Work request - Where does the word "SUBTRACT" occur in the data below? Copy each line that holds it.

Material for this task -

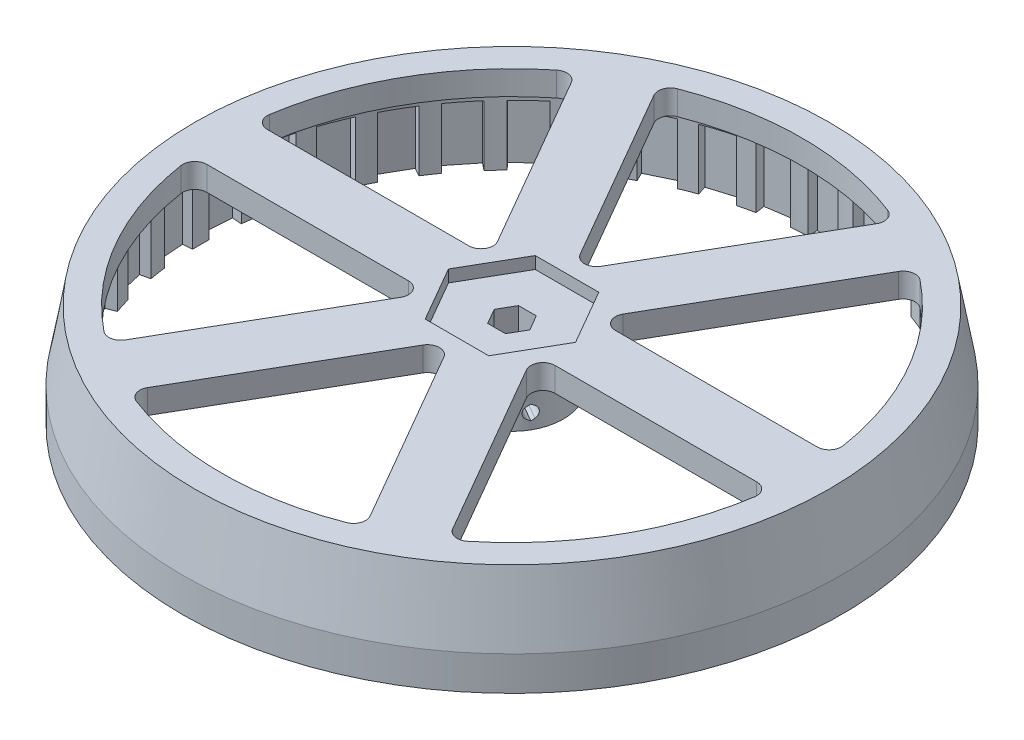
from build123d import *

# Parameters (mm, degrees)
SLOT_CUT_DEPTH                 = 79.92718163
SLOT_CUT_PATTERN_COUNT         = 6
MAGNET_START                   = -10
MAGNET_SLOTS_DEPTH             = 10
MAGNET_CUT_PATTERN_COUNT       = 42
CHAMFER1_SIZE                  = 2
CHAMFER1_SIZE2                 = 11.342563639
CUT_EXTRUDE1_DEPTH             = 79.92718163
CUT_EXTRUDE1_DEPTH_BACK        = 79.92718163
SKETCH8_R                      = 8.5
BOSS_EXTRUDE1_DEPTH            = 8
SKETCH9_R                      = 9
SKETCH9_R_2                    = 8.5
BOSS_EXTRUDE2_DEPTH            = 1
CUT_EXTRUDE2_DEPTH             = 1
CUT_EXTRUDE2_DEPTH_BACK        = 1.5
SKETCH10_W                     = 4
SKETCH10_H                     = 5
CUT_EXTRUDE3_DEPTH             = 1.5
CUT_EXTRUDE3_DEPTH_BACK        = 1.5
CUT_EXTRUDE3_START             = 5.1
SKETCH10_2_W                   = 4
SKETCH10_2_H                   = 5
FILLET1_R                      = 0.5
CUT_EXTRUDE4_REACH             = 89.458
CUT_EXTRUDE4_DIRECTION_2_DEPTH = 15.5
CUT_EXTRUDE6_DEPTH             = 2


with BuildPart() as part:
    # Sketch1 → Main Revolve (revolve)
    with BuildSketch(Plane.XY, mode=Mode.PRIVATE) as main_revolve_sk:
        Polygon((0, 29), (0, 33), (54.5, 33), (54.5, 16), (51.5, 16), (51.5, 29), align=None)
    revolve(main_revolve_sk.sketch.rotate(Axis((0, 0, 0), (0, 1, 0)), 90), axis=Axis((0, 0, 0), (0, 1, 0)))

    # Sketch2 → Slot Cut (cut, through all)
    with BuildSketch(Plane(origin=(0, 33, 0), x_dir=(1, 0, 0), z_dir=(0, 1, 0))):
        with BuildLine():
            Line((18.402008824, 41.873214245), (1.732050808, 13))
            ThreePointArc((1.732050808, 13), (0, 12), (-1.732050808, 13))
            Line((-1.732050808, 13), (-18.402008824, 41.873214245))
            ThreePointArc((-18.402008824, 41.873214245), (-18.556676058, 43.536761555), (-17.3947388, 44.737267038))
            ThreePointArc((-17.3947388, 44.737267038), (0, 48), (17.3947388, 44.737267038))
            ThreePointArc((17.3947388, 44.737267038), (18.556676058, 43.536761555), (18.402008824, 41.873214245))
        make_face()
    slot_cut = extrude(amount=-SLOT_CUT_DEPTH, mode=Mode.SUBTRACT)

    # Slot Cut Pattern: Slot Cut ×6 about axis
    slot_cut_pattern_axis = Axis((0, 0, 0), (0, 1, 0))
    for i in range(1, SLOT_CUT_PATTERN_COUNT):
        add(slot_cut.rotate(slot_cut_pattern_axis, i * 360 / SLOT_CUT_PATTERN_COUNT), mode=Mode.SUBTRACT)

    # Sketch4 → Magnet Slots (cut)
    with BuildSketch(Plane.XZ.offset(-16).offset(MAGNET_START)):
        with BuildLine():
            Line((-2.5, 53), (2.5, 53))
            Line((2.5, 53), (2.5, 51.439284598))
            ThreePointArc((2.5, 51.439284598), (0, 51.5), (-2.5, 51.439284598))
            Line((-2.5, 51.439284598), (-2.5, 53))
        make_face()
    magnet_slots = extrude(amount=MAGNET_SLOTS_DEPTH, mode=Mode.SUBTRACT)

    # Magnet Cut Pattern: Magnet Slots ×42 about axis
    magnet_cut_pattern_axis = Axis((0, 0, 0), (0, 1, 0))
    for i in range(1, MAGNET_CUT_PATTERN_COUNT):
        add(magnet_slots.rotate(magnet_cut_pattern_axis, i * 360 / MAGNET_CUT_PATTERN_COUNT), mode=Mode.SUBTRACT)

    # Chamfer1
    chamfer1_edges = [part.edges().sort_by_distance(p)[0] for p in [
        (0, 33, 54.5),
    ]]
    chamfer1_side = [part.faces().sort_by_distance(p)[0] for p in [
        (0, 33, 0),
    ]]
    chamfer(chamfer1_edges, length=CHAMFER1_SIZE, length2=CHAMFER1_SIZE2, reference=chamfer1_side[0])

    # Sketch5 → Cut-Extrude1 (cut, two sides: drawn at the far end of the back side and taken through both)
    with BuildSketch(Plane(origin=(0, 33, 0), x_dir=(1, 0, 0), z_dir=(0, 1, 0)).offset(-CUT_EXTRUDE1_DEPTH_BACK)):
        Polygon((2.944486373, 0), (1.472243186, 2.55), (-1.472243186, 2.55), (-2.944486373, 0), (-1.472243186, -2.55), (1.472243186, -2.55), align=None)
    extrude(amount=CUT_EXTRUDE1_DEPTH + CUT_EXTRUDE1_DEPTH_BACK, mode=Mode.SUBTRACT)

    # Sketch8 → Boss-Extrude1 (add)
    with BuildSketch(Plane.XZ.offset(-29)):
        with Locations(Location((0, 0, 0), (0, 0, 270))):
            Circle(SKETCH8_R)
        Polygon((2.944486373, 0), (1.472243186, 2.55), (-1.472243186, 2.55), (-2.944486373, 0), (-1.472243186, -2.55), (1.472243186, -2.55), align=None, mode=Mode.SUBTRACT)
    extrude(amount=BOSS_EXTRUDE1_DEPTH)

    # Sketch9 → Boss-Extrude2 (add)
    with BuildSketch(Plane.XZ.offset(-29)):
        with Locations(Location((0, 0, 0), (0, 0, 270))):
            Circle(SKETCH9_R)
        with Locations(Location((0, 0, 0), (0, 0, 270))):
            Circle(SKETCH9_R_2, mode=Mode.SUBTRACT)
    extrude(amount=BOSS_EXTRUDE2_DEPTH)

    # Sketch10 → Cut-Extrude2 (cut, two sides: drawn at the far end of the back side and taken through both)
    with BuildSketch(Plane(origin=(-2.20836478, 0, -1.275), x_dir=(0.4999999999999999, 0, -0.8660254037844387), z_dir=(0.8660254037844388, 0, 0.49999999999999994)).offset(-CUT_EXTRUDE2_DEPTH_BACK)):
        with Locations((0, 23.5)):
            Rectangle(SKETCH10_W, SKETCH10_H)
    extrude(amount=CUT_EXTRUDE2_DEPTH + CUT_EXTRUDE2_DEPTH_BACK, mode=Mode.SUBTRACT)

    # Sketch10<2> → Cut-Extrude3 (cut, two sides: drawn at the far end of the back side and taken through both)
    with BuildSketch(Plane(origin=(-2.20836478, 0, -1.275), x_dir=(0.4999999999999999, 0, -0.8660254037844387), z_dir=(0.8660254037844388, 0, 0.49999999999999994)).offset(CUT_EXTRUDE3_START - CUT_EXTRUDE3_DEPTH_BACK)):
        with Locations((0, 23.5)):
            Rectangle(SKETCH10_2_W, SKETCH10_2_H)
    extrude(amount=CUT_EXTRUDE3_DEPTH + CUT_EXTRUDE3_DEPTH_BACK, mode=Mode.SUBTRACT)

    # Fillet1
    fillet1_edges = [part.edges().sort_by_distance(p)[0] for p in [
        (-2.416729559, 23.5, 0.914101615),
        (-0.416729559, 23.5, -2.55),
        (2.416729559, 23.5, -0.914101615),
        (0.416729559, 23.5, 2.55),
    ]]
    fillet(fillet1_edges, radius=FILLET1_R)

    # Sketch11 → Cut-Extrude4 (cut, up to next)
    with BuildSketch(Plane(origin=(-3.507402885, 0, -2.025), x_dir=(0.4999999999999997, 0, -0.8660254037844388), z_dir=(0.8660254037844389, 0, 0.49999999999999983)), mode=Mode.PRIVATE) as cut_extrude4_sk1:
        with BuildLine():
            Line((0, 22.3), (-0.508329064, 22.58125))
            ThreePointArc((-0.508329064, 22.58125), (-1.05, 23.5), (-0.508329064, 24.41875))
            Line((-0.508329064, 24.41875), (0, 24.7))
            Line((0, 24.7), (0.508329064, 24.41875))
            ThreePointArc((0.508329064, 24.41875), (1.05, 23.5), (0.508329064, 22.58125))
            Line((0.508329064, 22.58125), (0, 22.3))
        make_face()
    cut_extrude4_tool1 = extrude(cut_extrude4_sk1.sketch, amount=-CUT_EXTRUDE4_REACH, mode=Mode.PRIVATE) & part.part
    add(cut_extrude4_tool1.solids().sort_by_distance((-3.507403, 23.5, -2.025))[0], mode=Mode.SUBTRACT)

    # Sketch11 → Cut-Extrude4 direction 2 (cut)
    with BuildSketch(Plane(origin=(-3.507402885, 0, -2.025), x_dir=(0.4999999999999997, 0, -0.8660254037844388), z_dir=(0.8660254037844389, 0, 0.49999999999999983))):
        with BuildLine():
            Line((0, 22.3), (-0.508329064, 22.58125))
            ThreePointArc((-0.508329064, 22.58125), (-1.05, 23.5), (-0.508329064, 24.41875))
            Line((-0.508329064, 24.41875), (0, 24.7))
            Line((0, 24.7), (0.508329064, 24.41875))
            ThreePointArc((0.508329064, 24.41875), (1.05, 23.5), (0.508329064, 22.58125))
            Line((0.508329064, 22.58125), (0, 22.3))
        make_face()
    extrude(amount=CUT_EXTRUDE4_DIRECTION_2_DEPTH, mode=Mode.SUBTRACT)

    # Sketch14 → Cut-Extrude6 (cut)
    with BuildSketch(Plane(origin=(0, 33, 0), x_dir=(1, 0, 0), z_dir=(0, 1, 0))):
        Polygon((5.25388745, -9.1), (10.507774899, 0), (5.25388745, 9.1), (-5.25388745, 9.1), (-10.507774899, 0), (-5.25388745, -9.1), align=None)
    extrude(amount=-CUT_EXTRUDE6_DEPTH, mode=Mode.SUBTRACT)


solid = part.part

Answer space -
    slot_cut = extrude(amount=-SLOT_CUT_DEPTH, mode=Mode.SUBTRACT)
        add(slot_cut.rotate(slot_cut_pattern_axis, i * 360 / SLOT_CUT_PATTERN_COUNT), mode=Mode.SUBTRACT)
    magnet_slots = extrude(amount=MAGNET_SLOTS_DEPTH, mode=Mode.SUBTRACT)
        add(magnet_slots.rotate(magnet_cut_pattern_axis, i * 360 / MAGNET_CUT_PATTERN_COUNT), mode=Mode.SUBTRACT)
    extrude(amount=CUT_EXTRUDE1_DEPTH + CUT_EXTRUDE1_DEPTH_BACK, mode=Mode.SUBTRACT)
        Polygon((2.944486373, 0), (1.472243186, 2.55), (-1.472243186, 2.55), (-2.944486373, 0), (-1.472243186, -2.55), (1.472243186, -2.55), align=None, mode=Mode.SUBTRACT)
            Circle(SKETCH9_R_2, mode=Mode.SUBTRACT)
    extrude(amount=CUT_EXTRUDE2_DEPTH + CUT_EXTRUDE2_DEPTH_BACK, mode=Mode.SUBTRACT)
    extrude(amount=CUT_EXTRUDE3_DEPTH + CUT_EXTRUDE3_DEPTH_BACK, mode=Mode.SUBTRACT)
    add(cut_extrude4_tool1.solids().sort_by_distance((-3.507403, 23.5, -2.025))[0], mode=Mode.SUBTRACT)
    extrude(amount=CUT_EXTRUDE4_DIRECTION_2_DEPTH, mode=Mode.SUBTRACT)
    extrude(amount=-CUT_EXTRUDE6_DEPTH, mode=Mode.SUBTRACT)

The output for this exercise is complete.